Don Lemon: Stop Demonizing People. Also, White Men Are Biggest Terror Threat.

“We have to stop demonizing people and realize the biggest terror threat in this country is white men.”

​CNN host Don Lemon cautioned viewers against demonizing people based on ethnicity seconds before stating that white men are “the biggest terror threat to this country.”

“I keep trying to point out to people not to demonize any one group or one ethnicity,” Lemon told fellow CNN host Chris Cuomo in a segment at the end of the latter’s primetime show.

Lemon was criticizing the rhetoric ​deployed by President Donald Trump — and embraced by a number of Republican lawmakers and media ​outlets — depicting the march of migrants from Honduras towards the United States as an ​”invasion.”

“We keep thinking that the biggest terror threat is something else — some people who are marching towards the border, like it’s imminent,” Lemon said. “The last time they did this, a couple hundred people came. … Most of them got tuckered out before they even made it to the border.”

But in the wake of a series of hate crimes perpetrated by white men — including the Saturday ​massacre at the Tree of Life synagogue in Pittsburgh and the Monday slaying of two black men in a Kentucky restaurant — Lemon seemed to suggest that the demonizing rhetoric may not be categorically wrong after all, but rather that it had been so far misdirected.

“We have to stop demonizing people and realize the biggest terror threat in this country is white men,” Lemon said. “Most of them radicalized to the right, and we have to start doing something about them.”

Lemon also veered to reference the president’s executive order banning immigration from mostly Muslim-majority countries, which had been widely ​criticized as a xenophobic “Muslim ban,” but was nonetheless upheld by the Supreme Court after numerous legal challenges and revisions.

“There is no travel ban on [white men],” said Lemon. “They had the Muslim ban. There is no white guy ban. So what do we do about that?”

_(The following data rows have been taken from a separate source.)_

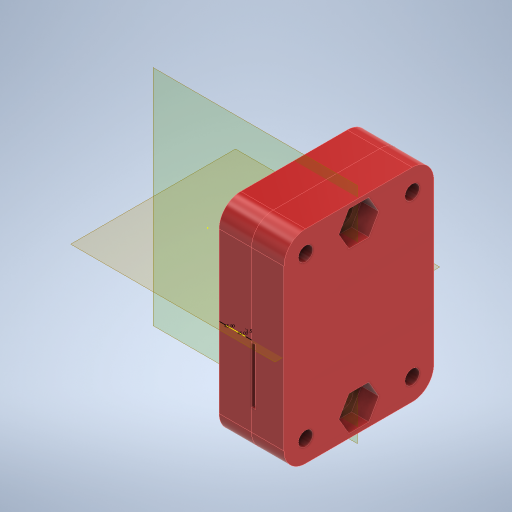
# Autodesk Inventor part: Final de Correa
Saved by Autodesk Inventor 2023 (Build 270158000, 158)
## iProperties
Created: 2023-12-12
Part Number: Final de Correa
Material: PET Plastic
Document SubType Name: Modeling
Designer: juanp
Density: 1.541 g/cm^3
Appearance: Red
Author: juanp
Autodesk Inventor part; units mm, degrees
ref_plane "XZ Plane" through (0, 0, 0) normal (0, 1, 0) x (-1, 0, 0)
ref_plane "XY Plane" through (0, 0, 0) normal (0, 0, 1) x (1, 0, 0)
sketch "Sketch1" plane through (0, 0, 0) normal (0, 1, 0) x (-1, 0, 0)
  circle A0 centre (6.85, 6.85) radius 9.6874
  circle A1 centre (6.85, 6.85) radius 2.65
  circle A2 centre (6.85, 6.85) radius 6.1
  line L0 (0.75, -48.7151) -> (0.75, 23.9132) construction
  line L1 (-0.75, -62.7525) -> (-0.75, 42.1008) construction
  circle A3 centre (-6.85, -6.85) radius 9.6874
  circle A4 centre (-6.85, -6.85) radius 2.65
  circle A5 centre (-6.85, -6.85) radius 6.1
  line L2 (-6.85, -6.85) -> (6.85, 6.85) construction
  point P0 (0, 0)
  point P1 (0, 0)
  dimension "d0" = 5.3
  dimension "d1" = 12.2
  dimension "d2" = 1.5
  dimension "d3" = 5.3
  dimension "d4" = 12.2
  dimension "d5" = 19.3747
  constraints: 6 centre point, 6 end point, 5 coincident, 3 tangent, 2 vertical, 1 equal radius, 1 midpoint
  measures "d0" diameter of A1
  measures "d1" diameter of A2
  measures "d2" distance between parallel lines of L0 L1
  measures "d3" diameter of A4
  measures "d4" diameter of A5
  measures "d5" diameter of A0
extrude "Extrusion1" add sketch "Sketch1" along normal blind 13.5 contours A2
extrude "Extrusion2" add sketch "Sketch1" against normal blind 13.5 contours A5
extrude "Extrusion3" cut sketch "Sketch1" along normal mid plane 1 contours A2 | A5
ref_plane "Work Plane1" through (20, 0, 0) normal (1, 0, 0) x (0, 1, 0)
sketch "Sketch2" plane through (20, 0, 0) normal (1, 0, 0) x (0, 1, 0)
  line L0 (0.5, 0.75) -> (0.5, 12.95) construction
  line L1 (13.5, 0.75) -> (13.5, 12.95) construction
  line L2 (-0.5, -0.75) -> (-0.5, -12.95) construction
  line L3 (-13.5, -0.75) -> (-13.5, -12.95) construction
  line L4 (0.5, 12.95) -> (13.5, 12.95) construction
  line L5 (0.5, 0.75) -> (13.5, 0.75) construction
  line L6 (-0.5, -0.75) -> (-13.5, -0.75) construction
  line L7 (-0.5, -12.95) -> (-13.5, -12.95) construction
  line L8 (13.5, 12.95) -> (0.5, 0.75) construction
  line L9 (-0.5, -0.75) -> (-13.5, -12.95) construction
  line L10 (14, 13.7) -> (0, 13.7) construction
  line L11 (0, 13.7) -> (0, 0) construction
  line L12 (0, 0) -> (14, 0) construction
  line L13 (14, 0) -> (14, 13.7) construction
  line L14 (14, 13.7) -> (0, 0) construction
  line L15 (0, 13.7) -> (14, 0) construction
  line L16 (-14, -13.7) -> (0, -13.7) construction
  line L17 (0, -13.7) -> (0, 0) construction
  line L18 (0, 0) -> (-14, 0) construction
  line L19 (-14, 0) -> (-14, -13.7) construction
  line L20 (-14, -13.7) -> (0, 0) construction
  line L21 (0, -13.7) -> (-14, 0) construction
  line L22 (7, 12.95) -> (7, 13.7) construction
  line L23 (-7, -12.95) -> (-7, -13.7) construction
  line L24 (13.5, 12.325) -> (0.5, 12.325)
  line L25 (0.5, 12.325) -> (0.5, 14.325)
  line L26 (0.5, 14.325) -> (13.5, 14.325)
  line L27 (13.5, 14.325) -> (13.5, 12.325)
  line L28 (13.5, 12.325) -> (0.5, 14.325) construction
  line L29 (0.5, 12.325) -> (13.5, 14.325) construction
  line L30 (-0.5, -12.325) -> (-13.5, -12.325)
  line L31 (-13.5, -12.325) -> (-13.5, -14.325)
  line L32 (-13.5, -14.325) -> (-0.5, -14.325)
  line L33 (-0.5, -14.325) -> (-0.5, -12.325)
  line L34 (-0.5, -12.325) -> (-13.5, -14.325) construction
  line L35 (-13.5, -12.325) -> (-0.5, -14.325) construction
  line L36 (-23.5, -17.325) -> (23.5, -17.325)
  line L37 (23.5, -17.325) -> (23.5, 17.325)
  line L38 (23.5, 17.325) -> (-23.5, 17.325)
  line L39 (-23.5, 17.325) -> (-23.5, -17.325)
  line L40 (-23.5, -17.325) -> (23.5, 17.325) construction
  line L41 (23.5, -17.325) -> (-23.5, 17.325) construction
  point P0 (7, 6.85)
  point P1 (-7, -6.85)
  point P2 (7, 13.325)
  point P3 (-7, -13.325)
  dimension "d13" = 2
  dimension "d14" = 13
  dimension "d15" = 10
  dimension "d16" = 3
  constraints: 68 end point, 18 midpoint, 13 parallel, 5 horizontal, 5 perpendicular
  measures "d13" distance between parallel lines of L24 L26
  measures "d14" distance between parallel lines of L27 L25
  measures "d15" distance between parallel lines of L37 L27
  measures "d16" distance between parallel lines of L38 L26
extrude "Extrusion4" add sketch "Sketch2" along normal blind 7.5 separate body
sketch "Sketch3" plane through (27.5, 0, 0) normal (1, 0, 0) x (0, 0, -1)
  line L0 (-12.325, 13.5) -> (-12.325, 0.5) projected
  line L1 (-12.325, 13.5) -> (17.325, 13.5)
  line L2 (17.325, 13.5) -> (17.325, 0.5)
  line L3 (17.325, 0.5) -> (-12.325, 0.5)
  line L4 (-12.325, 0.5) -> (-12.325, 13.5)
  line L5 (12.325, -13.5) -> (12.325, -0.5) projected
  line L6 (12.325, -0.5) -> (-17.325, -0.5)
  line L7 (-17.325, -0.5) -> (-17.325, -13.5)
  line L8 (-17.325, -13.5) -> (12.325, -13.5)
  line L9 (12.325, -13.5) -> (12.325, -0.5)
  line L10 (14.325, -13.5) -> (12.325, -13.5) projected
  line L11 (-12.325, 0.5) -> (-14.325, 0.5) projected
  line L12 (17.325, -23.5) -> (17.325, 23.5) projected
  point P0 (0, 0)
  point P1 (-12.325, 0.5)
  constraints: 16 end point, 5 parallel, 3 collinear, 2 horizontal, 2 perpendicular
extrude "Extrusion5" cut sketch "Sketch3" against normal blind 0.9 contours L1 L2 L3 L0 bodies 1 2
fillet "Fillet1" radius 4 2 edges at (26.6, 7, 12.325) (27.5, -7, -12.325)
fillet "Fillet2" radius 5 4 edges at (23.75, 23.5, -17.325) (23.75, 23.5, 17.325) (23.75, -23.5, 17.325) (23.75, -23.5, -17.325)
sketch "Sketch4" plane through (27.5, 0, 0) normal (1, 0, 0) x (0, 0, -1)
  line L0 (12.325, 23.5) -> (-12.325, 23.5) projected
  line L1 (17.325, -18.5) -> (17.325, 18.5) projected
  line L2 (-12.325, -23.5) -> (12.325, -23.5) projected
  line L3 (-17.325, 18.5) -> (-17.325, -18.5) projected
  line L4 (-12.325, 13.5) -> (-12.325, 0.5) projected
  line L5 (-14.325, 13.5) -> (-12.325, 13.5) projected
  line L6 (-14.325, 0.5) -> (-14.325, 13.5) projected
  line L7 (-12.325, 0.5) -> (-14.325, 0.5) projected
  line L8 (12.325, -0.5) -> (14.325, -0.5) projected
  line L9 (12.325, -13.5) -> (12.325, -0.5) projected
  line L10 (14.325, -13.5) -> (12.325, -13.5) projected
  line L11 (14.325, -0.5) -> (14.325, -13.5) projected
  arc A0 (12.325, -23.5) -> (17.325, -18.5) centre (12.325, -18.5) ccw projected
  arc A1 (-17.325, -18.5) -> (-12.325, -23.5) centre (-12.325, -18.5) ccw projected
  arc A2 (-12.325, 23.5) -> (-17.325, 18.5) centre (-12.325, 18.5) ccw projected
  arc A3 (17.325, 18.5) -> (12.325, 23.5) centre (12.325, 18.5) ccw projected
  point P0 (0, 0)
extrude "Extrusion6" add sketch "Sketch4" along normal blind 7.5 separate body contours A3 L1 A0 L2 A1 L3 A2 L0 | L4 L7 L6 L5 | L8 L11 L10 L9
sketch "Sketch5" plane through (35, 0, 0) normal (1, 0, 0) x (0, 0, -1)
  line L0 (17.325, -18.5) -> (17.325, 18.5) projected
  arc A0 (17.325, 18.5) -> (12.325, 23.5) centre (12.325, 18.5) ccw projected
  line L1 (12.325, 23.5) -> (-12.325, 23.5) projected
  arc A1 (-12.325, 23.5) -> (-17.325, 18.5) centre (-12.325, 18.5) ccw projected
  line L2 (-17.325, 18.5) -> (-17.325, -18.5) projected
  arc A2 (-17.325, -18.5) -> (-12.325, -23.5) centre (-12.325, -18.5) ccw projected
  line L3 (-12.325, -23.5) -> (12.325, -23.5) projected
  arc A3 (12.325, -23.5) -> (17.325, -18.5) centre (12.325, -18.5) ccw projected
  circle A4 centre (-12.325, 18.5) radius 1.65
  circle A5 centre (12.325, 18.5) radius 1.65
  circle A6 centre (-12.325, -18.5) radius 1.65
  circle A7 centre (12.325, -18.5) radius 1.65
  line L4 (-12.325, 18.5) -> (12.325, 18.5) construction
  line L5 (12.325, -18.5) -> (-12.325, -18.5) construction
  circle A8 centre (0, 18.5) radius 2.65
  circle A9 centre (0, -18.5) radius 2.65
  point P0 (0, 0)
  dimension "d25" = 3.3
  dimension "d28" = 5.3
  dimension "d29" = 5.3
  constraints: 6 centre point, 4 coincident, 4 end point, 3 equal radius, 2 horizontal, 2 midpoint
  measures "d25" diameter of A6
  measures "d28" diameter of A8
  measures "d29" diameter of A9
extrude "Extrusion7" cut sketch "Sketch5" against normal through all contours A4 | A5 | A6 | A7 | A8 | A9 bodies 3 2
ref_plane "Work Plane2" through (27.5, -18.5, 0) normal (0, 0, -1) x (-1, 0, 0)
ref_plane "Work Plane3" through (27.5, 0, 12.325) normal (0, 1, 0) x (1, 0, 0)
sketch "Sketch7" plane through (35, 0, 0) normal (1, 0, 0) x (0, 0, -1)
  circle A0 centre (12.325, -18.5) radius 1.65 projected
  circle A1 centre (-12.325, 18.5) radius 1.65 projected
  circle A2 centre (0, -18.5) radius 2.65 projected
  circle A3 centre (-12.325, -18.5) radius 1.65 projected
  circle A4 centre (12.325, 18.5) radius 1.65 projected
  circle A5 centre (0, 18.5) radius 2.65 projected
  line L0 (17.325, -18.5) -> (17.325, 18.5) projected
  arc A6 (17.325, 18.5) -> (12.325, 23.5) centre (12.325, 18.5) ccw projected
  line L1 (12.325, 23.5) -> (-12.325, 23.5) projected
  arc A7 (-12.325, 23.5) -> (-17.325, 18.5) centre (-12.325, 18.5) ccw projected
  line L2 (-17.325, 18.5) -> (-17.325, -18.5) projected
  arc A8 (-17.325, -18.5) -> (-12.325, -23.5) centre (-12.325, -18.5) ccw projected
  line L3 (-12.325, -23.5) -> (12.325, -23.5) projected
  arc A9 (12.325, -23.5) -> (17.325, -18.5) centre (12.325, -18.5) ccw projected
  line L4 (2.3094, 22.5) -> (4.6188, 18.5)
  line L5 (4.6188, 18.5) -> (2.3094, 14.5)
  line L6 (2.3094, 14.5) -> (-2.3094, 14.5)
  line L7 (-2.3094, 14.5) -> (-4.6188, 18.5)
  line L8 (-4.6188, 18.5) -> (-2.3094, 22.5)
  line L9 (-2.3094, 22.5) -> (2.3094, 22.5)
  line L10 (2.3094, -14.5) -> (4.6188, -18.5)
  line L11 (4.6188, -18.5) -> (2.3094, -22.5)
  line L12 (2.3094, -22.5) -> (-2.3094, -22.5)
  line L13 (-2.3094, -22.5) -> (-4.6188, -18.5)
  line L14 (-4.6188, -18.5) -> (-2.3094, -14.5)
  line L15 (-2.3094, -14.5) -> (2.3094, -14.5)
  point P0 (0, 0)
  point P1 (0, 22.5)
  dimension "d33" = 8
  constraints: 24 end point, 2 coincident, 2 horizontal, 1 midpoint, 1 parallel, 26 other
  measures "d33" distance from line of point (0, 22.5) L6
extrude "Extrusion9" cut sketch "Sketch7" against normal blind 4 contours L4 L5 L6 L7 L8 L9 | L10 L11 L12 L13 L14 L15 bodies 3
sketch "Sketch8" plane through (27.5, 0, 0) normal (1, 0, 0) x (0, 0, -1)
  line L0 (-17.3385, -0.5) -> (8.325, -0.5)
  line L1 (-8.325, 0.5) -> (-8.325, 13.5) projected
  line L2 (17.325, 0.5) -> (-8.325, 0.5) construction
  line L3 (17.325, 13.5) -> (17.325, 0.5) projected
  line L4 (-8.325, 13.5) -> (17.325, 13.5) construction
  line L5 (-8.325, 13.5) -> (-7.505, 13.5)
  line L6 (-7.505, 13.5) -> (-7.505, 0.5)
  line L7 (-7.505, 0.5) -> (-8.325, 0.5)
  line L8 (-8.325, 0.5) -> (-8.325, 13.5)
  line L9 (8.325, -0.5) -> (7.505, -0.5)
  line L10 (7.505, -0.5) -> (7.505, -13.5)
  line L11 (7.505, -13.5) -> (8.325, -13.5)
  line L12 (8.325, -13.5) -> (8.325, -0.5)
  line L13 (-6.325, 13.5) -> (-5.505, 13.5)
  line L14 (-5.505, 13.5) -> (-5.505, 0.5)
  line L15 (-5.505, 0.5) -> (-6.325, 0.5)
  line L16 (-6.325, 0.5) -> (-6.325, 13.5)
  line L17 (-4.325, 13.5) -> (-3.505, 13.5)
  line L18 (-3.505, 13.5) -> (-3.505, 0.5)
  line L19 (-3.505, 0.5) -> (-4.325, 0.5)
  line L20 (-4.325, 0.5) -> (-4.325, 13.5)
  line L21 (-2.325, 13.5) -> (-1.505, 13.5)
  line L22 (-1.505, 13.5) -> (-1.505, 0.5)
  line L23 (-1.505, 0.5) -> (-2.325, 0.5)
  line L24 (-2.325, 0.5) -> (-2.325, 13.5)
  line L25 (-0.325, 13.5) -> (0.495, 13.5)
  line L26 (0.495, 13.5) -> (0.495, 0.5)
  line L27 (0.495, 0.5) -> (-0.325, 0.5)
  line L28 (-0.325, 0.5) -> (-0.325, 13.5)
  line L29 (1.675, 13.5) -> (2.495, 13.5)
  line L30 (2.495, 13.5) -> (2.495, 0.5)
  line L31 (2.495, 0.5) -> (1.675, 0.5)
  line L32 (1.675, 0.5) -> (1.675, 13.5)
  line L33 (3.675, 13.5) -> (4.495, 13.5)
  line L34 (4.495, 13.5) -> (4.495, 0.5)
  line L35 (4.495, 0.5) -> (3.675, 0.5)
  line L36 (3.675, 0.5) -> (3.675, 13.5)
  line L37 (5.675, 13.5) -> (6.495, 13.5)
  line L38 (6.495, 13.5) -> (6.495, 0.5)
  line L39 (6.495, 0.5) -> (5.675, 0.5)
  line L40 (5.675, 0.5) -> (5.675, 13.5)
  line L41 (7.675, 13.5) -> (8.495, 13.5)
  line L42 (8.495, 13.5) -> (8.495, 0.5)
  line L43 (8.495, 0.5) -> (7.675, 0.5)
  line L44 (7.675, 0.5) -> (7.675, 13.5)
  line L45 (9.675, 13.5) -> (10.495, 13.5)
  line L46 (10.495, 13.5) -> (10.495, 0.5)
  line L47 (10.495, 0.5) -> (9.675, 0.5)
  line L48 (9.675, 0.5) -> (9.675, 13.5)
  line L49 (6.325, -0.5) -> (5.505, -0.5)
  line L50 (5.505, -0.5) -> (5.505, -13.5)
  line L51 (5.505, -13.5) -> (6.325, -13.5)
  line L52 (6.325, -13.5) -> (6.325, -0.5)
  line L53 (4.325, -0.5) -> (3.505, -0.5)
  line L54 (3.505, -0.5) -> (3.505, -13.5)
  line L55 (3.505, -13.5) -> (4.325, -13.5)
  line L56 (4.325, -13.5) -> (4.325, -0.5)
  line L57 (2.325, -0.5) -> (1.505, -0.5)
  line L58 (1.505, -0.5) -> (1.505, -13.5)
  line L59 (1.505, -13.5) -> (2.325, -13.5)
  line L60 (2.325, -13.5) -> (2.325, -0.5)
  line L61 (0.325, -0.5) -> (-0.495, -0.5)
  line L62 (-0.495, -0.5) -> (-0.495, -13.5)
  line L63 (-0.495, -13.5) -> (0.325, -13.5)
  line L64 (0.325, -13.5) -> (0.325, -0.5)
  line L65 (-1.675, -0.5) -> (-2.495, -0.5)
  line L66 (-2.495, -0.5) -> (-2.495, -13.5)
  line L67 (-2.495, -13.5) -> (-1.675, -13.5)
  line L68 (-1.675, -13.5) -> (-1.675, -0.5)
  line L69 (-3.675, -0.5) -> (-4.495, -0.5)
  line L70 (-4.495, -0.5) -> (-4.495, -13.5)
  line L71 (-4.495, -13.5) -> (-3.675, -13.5)
  line L72 (-3.675, -13.5) -> (-3.675, -0.5)
  line L73 (-5.675, -0.5) -> (-6.495, -0.5)
  line L74 (-6.495, -0.5) -> (-6.495, -13.5)
  line L75 (-6.495, -13.5) -> (-5.675, -13.5)
  line L76 (-5.675, -13.5) -> (-5.675, -0.5)
  line L77 (-7.675, -0.5) -> (-8.495, -0.5)
  line L78 (-8.495, -0.5) -> (-8.495, -13.5)
  line L79 (-8.495, -13.5) -> (-7.675, -13.5)
  line L80 (-7.675, -13.5) -> (-7.675, -0.5)
  line L81 (-9.675, -0.5) -> (-10.495, -0.5)
  line L82 (-10.495, -0.5) -> (-10.495, -13.5)
  line L83 (-10.495, -13.5) -> (-9.675, -13.5)
  line L84 (-9.675, -13.5) -> (-9.675, -0.5)
  line L85 (-11.675, -0.5) -> (-12.495, -0.5)
  line L86 (-12.495, -0.5) -> (-12.495, -13.5)
  line L87 (-12.495, -13.5) -> (-11.675, -13.5)
  line L88 (-11.675, -13.5) -> (-11.675, -0.5)
  line L89 (-13.675, -0.5) -> (-14.495, -0.5)
  line L90 (-14.495, -0.5) -> (-14.495, -13.5)
  line L91 (-14.495, -13.5) -> (-13.675, -13.5)
  line L92 (-13.675, -13.5) -> (-13.675, -0.5)
  line L93 (-15.675, -0.5) -> (-16.495, -0.5)
  line L94 (-16.495, -0.5) -> (-16.495, -13.5)
  line L95 (-16.495, -13.5) -> (-15.675, -13.5)
  line L96 (-15.675, -13.5) -> (-15.675, -0.5)
  line L97 (-17.675, -0.5) -> (-18.495, -0.5)
  line L98 (-18.495, -0.5) -> (-18.495, -13.5)
  line L99 (-18.495, -13.5) -> (-17.675, -13.5)
  line L100 (-17.675, -13.5) -> (-17.675, -0.5)
  line L101 (-19.675, -0.5) -> (-20.495, -0.5)
  line L102 (-20.495, -0.5) -> (-20.495, -13.5)
  line L103 (-20.495, -13.5) -> (-19.675, -13.5)
  line L104 (-19.675, -13.5) -> (-19.675, -0.5)
  line L105 (11.675, 13.5) -> (12.495, 13.5)
  line L106 (12.495, 13.5) -> (12.495, 0.5)
  line L107 (12.495, 0.5) -> (11.675, 0.5)
  line L108 (11.675, 0.5) -> (11.675, 13.5)
  line L109 (13.675, 13.5) -> (14.495, 13.5)
  line L110 (14.495, 13.5) -> (14.495, 0.5)
  line L111 (14.495, 0.5) -> (13.675, 0.5)
  line L112 (13.675, 0.5) -> (13.675, 13.5)
  line L113 (15.675, 13.5) -> (16.495, 13.5)
  line L114 (16.495, 13.5) -> (16.495, 0.5)
  line L115 (16.495, 0.5) -> (15.675, 0.5)
  line L116 (15.675, 0.5) -> (15.675, 13.5)
  line L117 (17.675, 13.5) -> (18.495, 13.5)
  line L118 (18.495, 13.5) -> (18.495, 0.5)
  line L119 (18.495, 0.5) -> (17.675, 0.5)
  line L120 (17.675, 0.5) -> (17.675, 13.5)
  line L121 (19.675, 13.5) -> (20.495, 13.5)
  line L122 (20.495, 13.5) -> (20.495, 0.5)
  line L123 (20.495, 0.5) -> (19.675, 0.5)
  line L124 (19.675, 0.5) -> (19.675, 13.5)
  circle A0 centre (12.325, -18.5) radius 1.65 projected
  circle A1 centre (-12.325, 18.5) radius 1.65 projected
  circle A2 centre (0, -18.5) radius 2.65 projected
  circle A3 centre (-12.325, -18.5) radius 1.65 projected
  circle A4 centre (12.325, 18.5) radius 1.65 projected
  circle A5 centre (0, 18.5) radius 2.65 projected
  line L125 (8.325, -0.5) -> (14.325, -0.5) projected
  line L126 (14.325, -0.5) -> (14.325, -13.5) projected
  line L127 (14.325, -13.5) -> (8.325, -13.5) projected
  line L128 (8.325, -0.5) -> (8.325, -13.5) projected
  arc A6 (12.325, -23.5) -> (17.325, -18.5) centre (12.325, -18.5) ccw projected
  line L129 (17.325, -18.5) -> (17.325, 0.5) projected
  line L130 (17.325, 0.5) -> (-14.325, 0.5) projected
  line L131 (-14.325, 0.5) -> (-14.325, 13.5) projected
  line L132 (-14.325, 13.5) -> (17.325, 13.5) projected
  line L133 (17.325, 13.5) -> (17.325, 18.5) projected
  arc A7 (17.325, 18.5) -> (12.325, 23.5) centre (12.325, 18.5) ccw projected
  line L134 (12.325, 23.5) -> (-12.325, 23.5) projected
  arc A8 (-12.325, 23.5) -> (-17.325, 18.5) centre (-12.325, 18.5) ccw projected
  line L135 (-17.325, 18.5) -> (-17.325, -18.5) projected
  arc A9 (-17.325, -18.5) -> (-12.325, -23.5) centre (-12.325, -18.5) ccw projected
  line L136 (-12.325, -23.5) -> (12.325, -23.5) projected
  line L137 (8.325, -13.5) -> (-17.325, -13.5)
  line L138 (-17.325, 18.5) -> (-17.325, -18.5) projected
  point P0 (0, 0)
  point P1 (11.675, 0.5)
  point P2 (13.675, 0.5)
  point P3 (15.675, 0.5)
  point P4 (17.675, 0.5)
  point P5 (19.675, 0.5)
  point P6 (-17.325, -13.5)
  point P7 (-17.325, -0.5)
  dimension "d36" = 0.82
  dimension "d39" = 2
  dimension "d44" = 1.18
  dimension "d47" = 2
  constraints: 240 end point, 56 horizontal alignment, 33 parallel, 28 collinear, 3 horizontal, 2 coincident, 2 perpendicular, 2 point on line, 1 vertical, 132 other
  measures "d36" distance between parallel lines of L1 L6
  measures "d39" distance of L1.end L13.start
  measures "d44" distance between parallel lines of L16 L6
  measures "d47" distance of L10.end L50.end
extrude "Extrusion10" add sketch "Sketch8" against normal up to surface (0.9 mm away) contours L114 L115 L116 L113 | L110 L111 L112 L109 | L106 L107 L108 L105 | L46 L47 L48 L45 | L42 L43 L44 L41 | L38 L39 L40 L37 | L34 L35 L36 L33 | L30 L31 L32 L29 | L26 L27 L28 L25 | L22 L23 L24 L21 | L18 L19 L20 L17 | L14 L15 L16 L13 | L6 L7 L1 L5 bodies 2
extrude "Extrusion11" cut sketch "Sketch8" along normal blind 0.9 contours L94 L137 L135 L0 | L0 L90 L137 L96 | L0 L86 L137 L92 | L0 L82 L137 L88 | L0 L78 L137 L84 | L0 L74 L137 L80 | L0 L70 L137 L76 | L0 L66 L137 L72 | L0 L62 L137 L68 | L0 L58 L137 L64 | L0 L54 L137 L60 | L0 L50 L137 L56 | L0 L10 L137 L52 bodies 2 3
sketch "Sketch9" plane through (27.5, 0, 12.325) normal (0, 1, 0) x (1, 0, 0)
  line L0 (0, -5) -> (-7.5, -5) projected
  line L1 (0, 0) -> (0, -5) projected
  line L2 (0, -5) -> (-1.5, -5)
  line L3 (-1.5, -5) -> (-3, -3.5)
  line L4 (-3, -3.5) -> (-4.5, -3.5)
  line L5 (-4.5, -3.5) -> (-6, -5)
  line L6 (-6, -5) -> (-7.5, -5)
  point P0 (-27.5, 12.325)
  dimension "d56" = 45
  dimension "d57" = 45
  dimension "d58" = 1.5
  constraints: 10 end point, 3 parallel, 2 point on line, 1 collinear
  measures "d56" angle of L0 L3
  measures "d57" angle of L0 L5
  measures "d58" distance between parallel lines of L4 L0
body "Solid1"
body "Solid2"
body "Solid3"

Lemon’s point, which may sound vitriolic, conveys a frustration with what he views as a double standard in the treatment of security risks. While destitute and mostly-unarmed migrants trying to cross the border are ​met with 5,000 troops at border, hate crimes committed by Americans receive from the administration only tepid renunciations (often containing a grain of ​victim-blaming)​if at all.

That said, Lemon’s attempt to turn the tables on hateful rhetoric might be a disservice to his own point. On the right, Lemon is generally viewed as a partisan grandstander, and comments like these aren’t likely to inspire any introspection among his critics.